Reactions: Like 1 | Agree 1


----------



## woodtickgreg (Mar 8, 2020)

Clinton, theres a lot of info in the milling and processing section. A lot of older threads that are good reads and sources of info. Also tips about drying and what sizes are easier to ship.

Reactions: Agree 1


----------



## Tony (Mar 8, 2020)

I moved this here, hopefully some guys that know what they're talking about will jump in and help.

Reactions: Like 1


----------



## vegas urban lumber (Mar 8, 2020)

finding and processing figured woods is a great experience. in a lot of case the best figure is in quartersawn aspect. that is at 90 degrees to to the bark. sycamore, oak, figured eucalyptus are all examples of such. crotch figure is also highly prized in walnut and others. i agree that @Mike1950 will probably be best able to speak to sawing figured maples

Reactions: Like 1 | Thank You! 1 | Way Cool 1


----------



## dixdance (Mar 8, 2020)

You may already know this, but if your wood is of a quality and size to make guitars, you can get much for it than selling as a just lumber. It would probably be worthwhile to do some research before making cutting decisions. Plenty of guitar makers out there.


----------



## Wildthings (Mar 8, 2020)

dixdance said:


> You may already know this, but if your wood is of a quality and size to make guitars, you can get much for it than selling as a just lumber. It would probably be worthwhile to do some research before making cutting decisions. Plenty of guitar makers out there.

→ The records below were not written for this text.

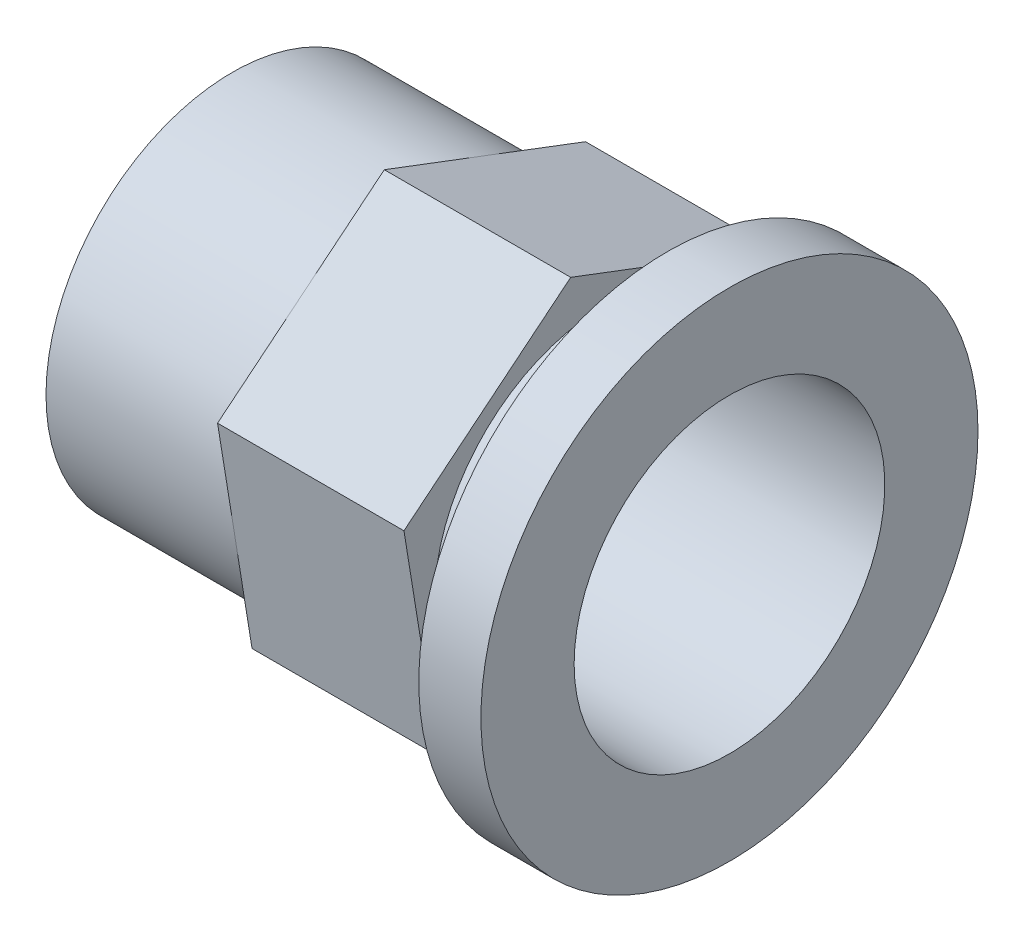
SolidWorks part; units mm, degrees
ref_plane "前视基准面" through (0, 0, 0) normal (0, 0, 1) x (1, 0, 0)
ref_plane "上视基准面" through (0, 0, 0) normal (0, 1, 0) x (1, 0, 0)
ref_plane "右视基准面" through (0, 0, 0) normal (1, 0, 0) x (0, 0, -1)
sketch "草图1" plane through (0, 0, 0) normal (1, 0, 0) x (0, 0, -1)
  circle A0 centre (0, 0) radius 3
  dimension "D1" = 6
extrude "凸台-拉伸1" add sketch "草图1" along normal blind 3
sketch "草图2" plane through (3, 0, 0) normal (1, 0, 0) x (0, 0, -1)
  line L1 (3.2388, -1.2288) -> (2.6836, 2.1905)
  line L2 (2.6836, 2.1905) -> (-0.5553, 3.4193)
  line L3 (-0.5553, 3.4193) -> (-3.2388, 1.2288)
  line L4 (-3.2388, 1.2288) -> (-2.6836, -2.1905)
  line L5 (-2.6836, -2.1905) -> (0.5553, -3.4193)
  line L6 (0.5553, -3.4193) -> (3.2388, -1.2288)
  circle A0 centre (0, 0) radius 3 construction
  dimension "D1" = 6
extrude "凸台-拉伸2" add sketch "草图2" along normal blind 3
sketch "草图3" plane through (6, 0, 0) normal (1, 0, 0) x (0, 0, -1)
  circle A0 centre (0, 0) radius 2.75
  dimension "D1" = 5.5
extrude "凸台-拉伸3" add sketch "草图3" along normal blind 1
sketch "草图4" plane through (7, 0, 0) normal (1, 0, 0) x (0, 0, -1)
  circle A0 centre (0, 0) radius 4
  dimension "D1" = 8
extrude "凸台-拉伸4" add sketch "草图4" along normal blind 1
sketch "草图5" plane through (0, 0, 0) normal (-1, 0, 0) x (0, 0, 1)
  circle A0 centre (0, 0) radius 2.5
  dimension "D1" = 5
extrude "切除-拉伸1" cut sketch "草图5" against normal through all
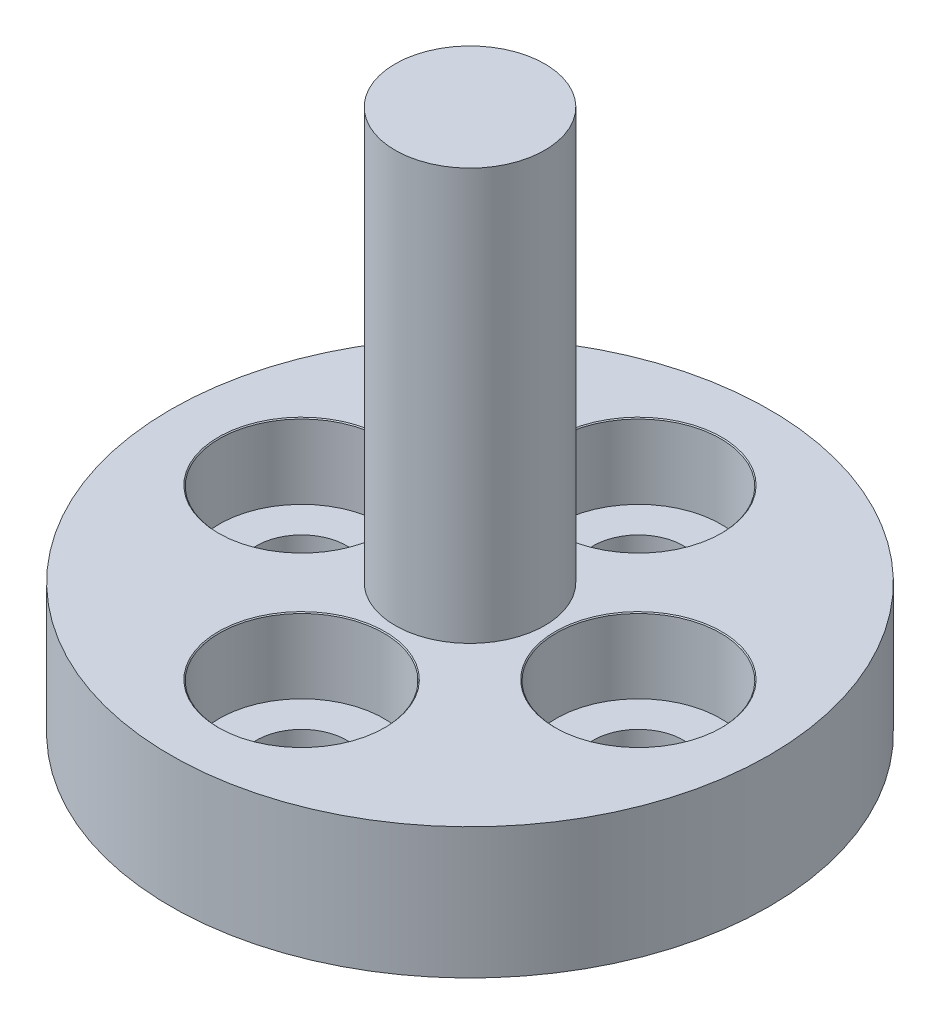
SolidWorks part; units mm, degrees
ref_plane "Front Plane" through (0, 0, 0) normal (0, 0, 1) x (1, 0, 0)
ref_plane "Top Plane" through (0, 0, 0) normal (0, 1, 0) x (1, 0, 0)
ref_plane "Right Plane" through (0, 0, 0) normal (1, 0, 0) x (0, 0, -1)
sketch "Sketch1" plane through (0, 0, 0) normal (0, 0, 1) x (1, 0, 0)
  line L0 (0, 0) -> (8, 0)
  line L1 (8, 0) -> (8, 3.5)
  line L2 (8, 3.5) -> (2, 3.5)
  line L3 (2, 3.5) -> (2, 14.5)
  line L4 (2, 14.5) -> (0, 14.5)
  line L5 (0, 14.5) -> (0, 0)
  dimension "D1" = 8
  dimension "D2" = 14.5
  dimension "D3" = 11
  dimension "D4" = 2
revolve "Revolve1" add sketch "Sketch1" angle 360 about L5
sketch "Sketch2" plane through (0, 3.5, 0) normal (0, 1, 0) x (1, 0, 0)
  circle A0 centre (0, 0) radius 4.5
  dimension "D1" = 9
hole_wizard "CBORE for M2 SHCS1" positions "Sketch3" profile "Sketch4" counterbore size "M2" standard "ANSI Metric" end condition through all
sketch "Sketch3" plane through (0, 3.5, 0) normal (0, 1, 0) x (1, 0, 0)
  circle A0 centre (0, 0) radius 4.5 construction
  point P0 (-4.5, 0)
  point P4 (0, 4.5)
  point P6 (4.5, 0)
  point P8 (0, -4.5)
sketch "Sketch4" plane through (-4.5, 3.5, 0) normal (1, 0, 0) x (0, 0, 1)
  line L0 (0, 0) -> (0, 3.5)
  line L1 (0, 3.5) -> (1.2, 3.5)
  line L3 (1.2, 3.5) -> (1.2, 2)
  line L4 (2.2, 2) -> (1.2, 2)
  line L5 (2.2, 2) -> (2.2, 0.025)
  line L6 (2.2, 0.025) -> (2.225, 0)
  line L7 (2.225, 0) -> (0, 0)
  line L8 (-2.2, 0.025) -> (-2.225, 0) construction
  line L11 (0, -6.35) -> (0, 107.95) construction
  dimension "Thru Hole Dia." = 2.4
  dimension "Thru Hole Depth" = 3.5
  dimension "C'Bore Dia." = 4.4
  dimension "C'Bore Depth" = 2
  dimension "Near C'Sink Dia." = 4.45
  dimension "Near C'Sink Angle" = 90
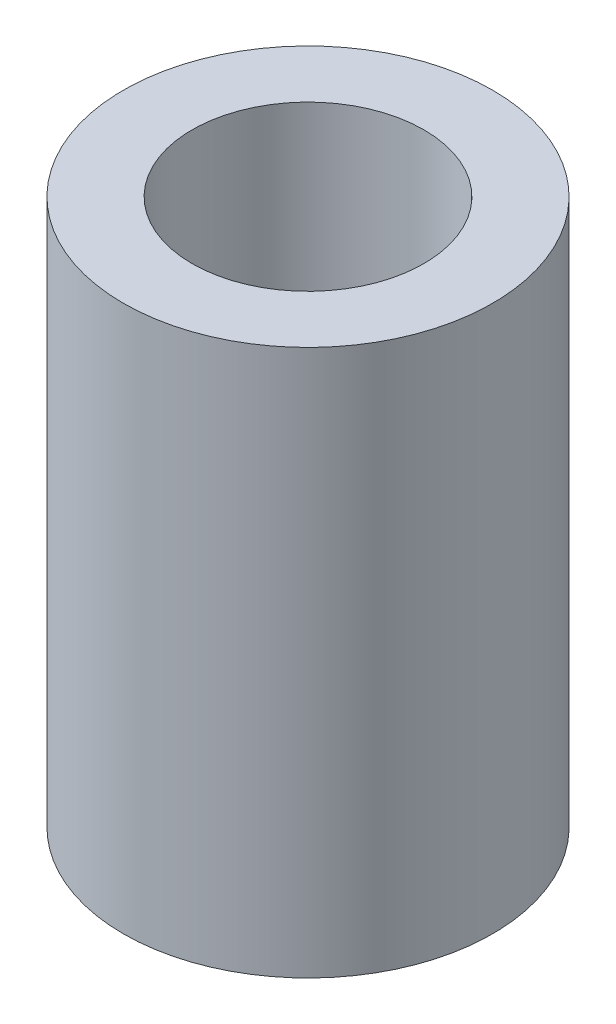
SolidWorks part; units mm, degrees
ref_plane "Front Plane" through (0, 0, 0) normal (0, 0, 1) x (1, 0, 0)
ref_plane "Top Plane" through (0, 0, 0) normal (0, 1, 0) x (1, 0, 0)
ref_plane "Right Plane" through (0, 0, 0) normal (1, 0, 0) x (0, 0, -1)
sketch "Sketch1" plane through (0, 0, 0) normal (0, 1, 0) x (1, 0, 0)
  circle A0 centre (0, 0) radius 3.375
  circle A1 centre (0, 0) radius 5.375
  dimension "D1" = 6.75
  dimension "D2" = 2
extrude "Boss-Extrude1" add sketch "Sketch1" along normal blind 15.9
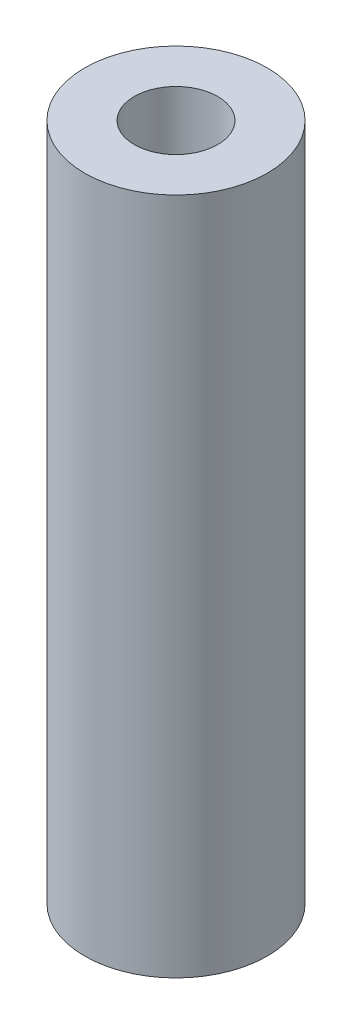
SolidWorks part; units mm, degrees
ref_plane "Front Plane" through (0, 0, 0) normal (0, 0, 1) x (1, 0, 0)
ref_plane "Top Plane" through (0, 0, 0) normal (0, 1, 0) x (1, 0, 0)
ref_plane "Right Plane" through (0, 0, 0) normal (1, 0, 0) x (0, 0, -1)
sketch "Sketch1" plane through (0, 0, 0) normal (0, 1, 0) x (1, 0, 0)
  circle A0 centre (0, 0) radius 3.5
  circle A1 centre (0, 0) radius 1.6
  dimension "D1" = 7
  dimension "D2" = 3.2
extrude "Boss-Extrude1" add sketch "Sketch1" along normal blind 26
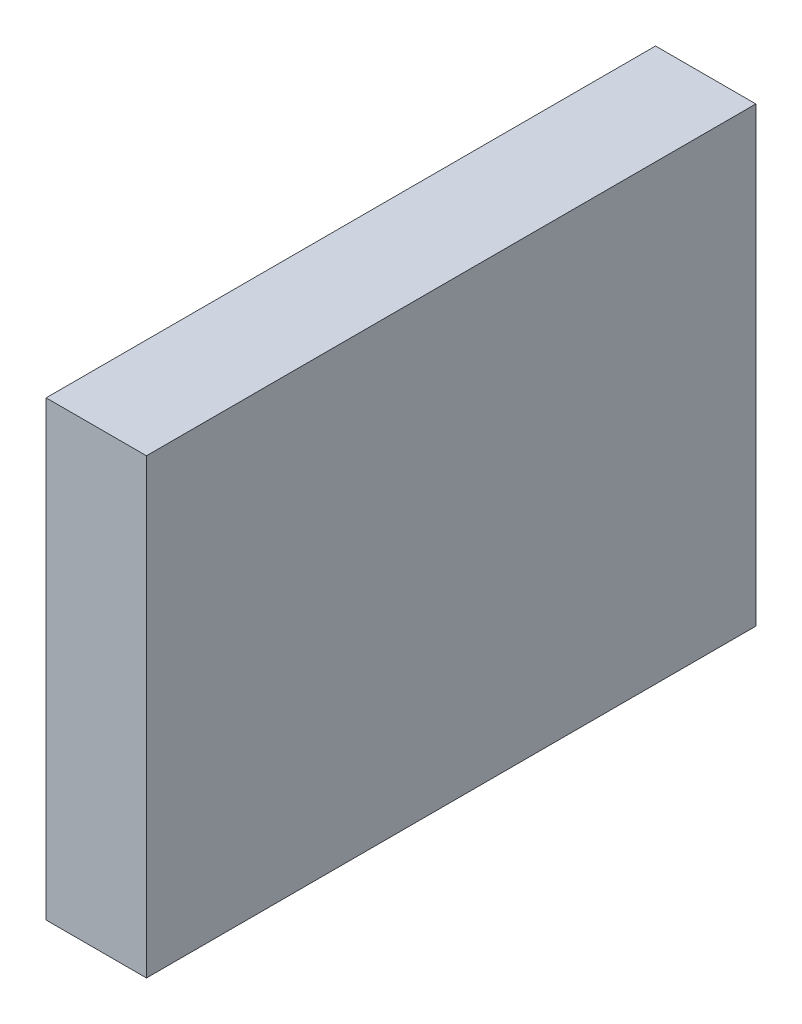
SolidWorks part; units mm, degrees
ref_plane "Alzado" through (0, 0, 0) normal (0, 0, 1) x (1, 0, 0)
ref_plane "Planta" through (0, 0, 0) normal (0, 1, 0) x (1, 0, 0)
ref_plane "Vista lateral" through (0, 0, 0) normal (1, 0, 0) x (0, 0, -1)
sketch "Croquis1" plane through (0, 0, 0) normal (1, 0, 0) x (0, 0, -1)
  line L1 (-185.3678, 127.2644) -> (45.4372, 127.2644)
  line L2 (-185.3678, 127.2644) -> (-185.3678, -44.0299)
  line L3 (-185.3678, -44.0299) -> (45.4372, -44.0299)
  line L4 (45.4372, 127.2644) -> (45.4372, -44.0299)
  line L5 (-185.3678, 127.2644) -> (45.4372, -44.0299) construction
  line L6 (-185.3678, -44.0299) -> (45.4372, 127.2644) construction
  point P0 (-69.9653, 41.6173)
extrude "Saliente-Extruir1" add sketch "Croquis1" along normal blind 38
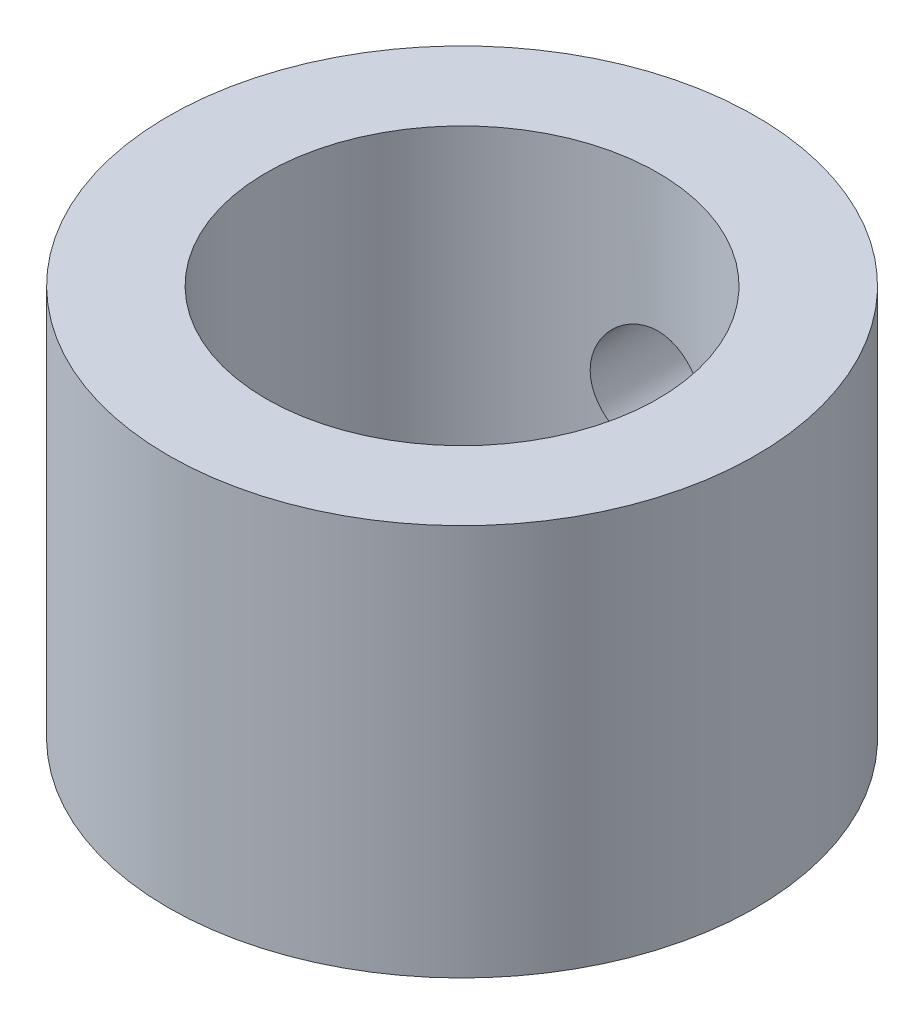
SolidWorks part; units mm, degrees
ref_plane "Front Plane" through (0, 0, 0) normal (0, 0, 1) x (1, 0, 0)
ref_plane "Top Plane" through (0, 0, 0) normal (0, 1, 0) x (1, 0, 0)
ref_plane "Right Plane" through (0, 0, 0) normal (1, 0, 0) x (0, 0, -1)
sketch "Sketch1" plane through (0, 0, 0) normal (0, 1, 0) x (1, 0, 0)
  circle A0 centre (0, 0) radius 7.5
  circle A1 centre (0, 0) radius 5
  dimension "D1" = 15
  dimension "D2" = 10
extrude "Boss-Extrude1" add sketch "Sketch1" along normal mid plane 10
sketch "Sketch2" plane through (0, 0, 0) normal (0, 0, 1) x (1, 0, 0)
  circle A1 centre (0, 0) radius 1.5
  dimension "D1" = 3
extrude "Cut-Extrude1" cut sketch "Sketch2" against normal up to surface (7.3485 mm away)
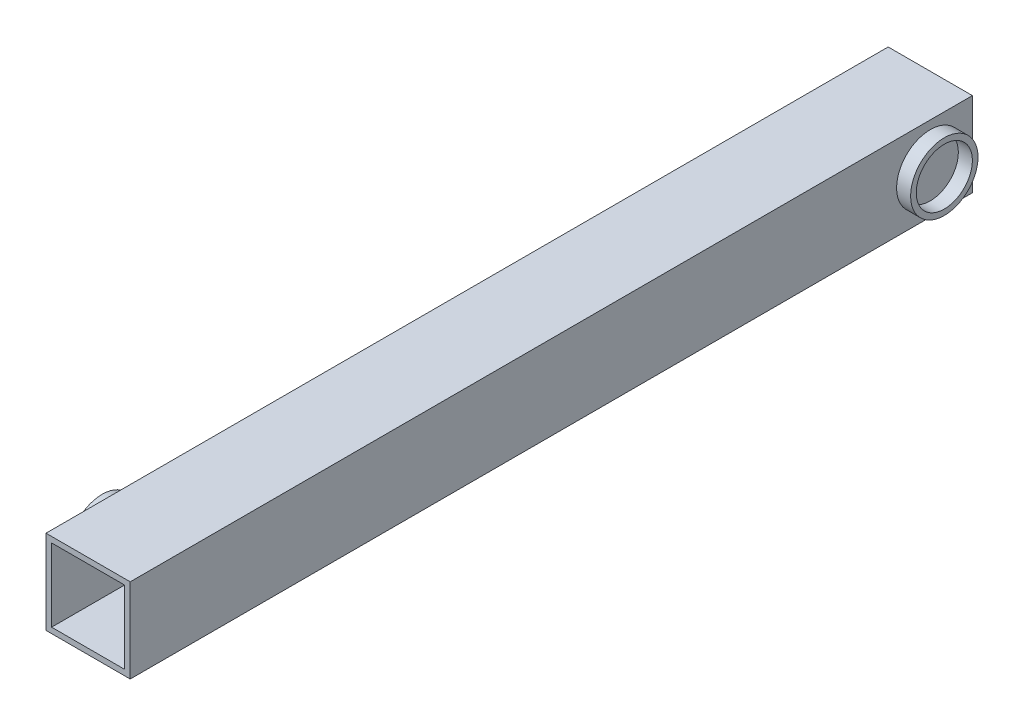
SolidWorks part; units mm, degrees
ref_plane "Front Plane" through (0, 0, 0) normal (0, 0, 1) x (1, 0, 0)
ref_plane "Top Plane" through (0, 0, 0) normal (0, 1, 0) x (1, 0, 0)
ref_plane "Right Plane" through (0, 0, 0) normal (1, 0, 0) x (0, 0, -1)
sketch "Sketch1" plane through (0, 0, 0) normal (0, 0, 1) x (1, 0, 0)
  line L0 (-13, 13) -> (-13, -13)
  line L1 (-15, 15) -> (15, 15)
  line L2 (-15, 15) -> (-15, -15)
  line L3 (-15, -15) -> (15, -15)
  line L4 (15, 15) -> (15, -15)
  line L5 (-15, 15) -> (15, -15) construction
  line L6 (-15, -15) -> (15, 15) construction
  line L7 (-13, -13) -> (13, -13)
  line L8 (13, 13) -> (13, -13)
  line L9 (-13, 13) -> (13, 13)
  point P0 (0, 0)
  dimension "D1" = 30
  dimension "D2" = 30
  dimension "D3" = 2
extrude "Boss-Extrude1" add sketch "Sketch1" along normal blind 300
sketch "Sketch2" plane through (15, 0, 0) normal (1, 0, 0) x (0, 0, -1)
  line L0 (-150, 15) -> (-150, -15) construction
  line L1 (-300, 15) -> (0, 15) construction
  line L2 (-300, -15) -> (0, -15) construction
  circle A0 centre (-15, 0) radius 12
  circle A1 centre (-15, 0) radius 10
  dimension "D1" = 24
  dimension "D3" = 15
  dimension "D2" = 2
extrude "Boss-Extrude2" add sketch "Sketch2" along normal blind 5
sketch "Sketch3" plane through (-15, 0, 0) normal (-1, 0, 0) x (0, 0, 1)
  circle A0 centre (275, 0) radius 10
  circle A3 centre (275, 0) radius 12
  dimension "D1" = 20
  dimension "D2" = 275
extrude "Boss-Extrude3" add sketch "Sketch3" along normal blind 5

And @Mike1950 can help you out on that also

Reactions: Agree 1


----------



## Clinton Johnson (Mar 8, 2020)

woodtickgreg said:


> Clinton, theres a lot of info in the milling and processing section. A lot of older threads that are good reads and sources of info. Also tips about drying and what sizes are easier to ship.


----------



## Clinton Johnson (Mar 8, 2020)

Yes sir I’m well aware of that and that’s my plan. In my small community thier are lot’s of meth addicted thieves running around here cutting blocks and making good money for them to fry more brain cells. I’m a local contractor w my own machinery and I hv found these logs before. I just sold them to a local buyer who then sold them to Gibson. I don’t think I want my logs going to China. I want to learn how to cut the blocks if that’s the way? I own a small bandsaw mill and could just sell slabs as I hv some slabs of cedar cut already and that was easy and a complete blast!!any interest or info is greatly appreciated!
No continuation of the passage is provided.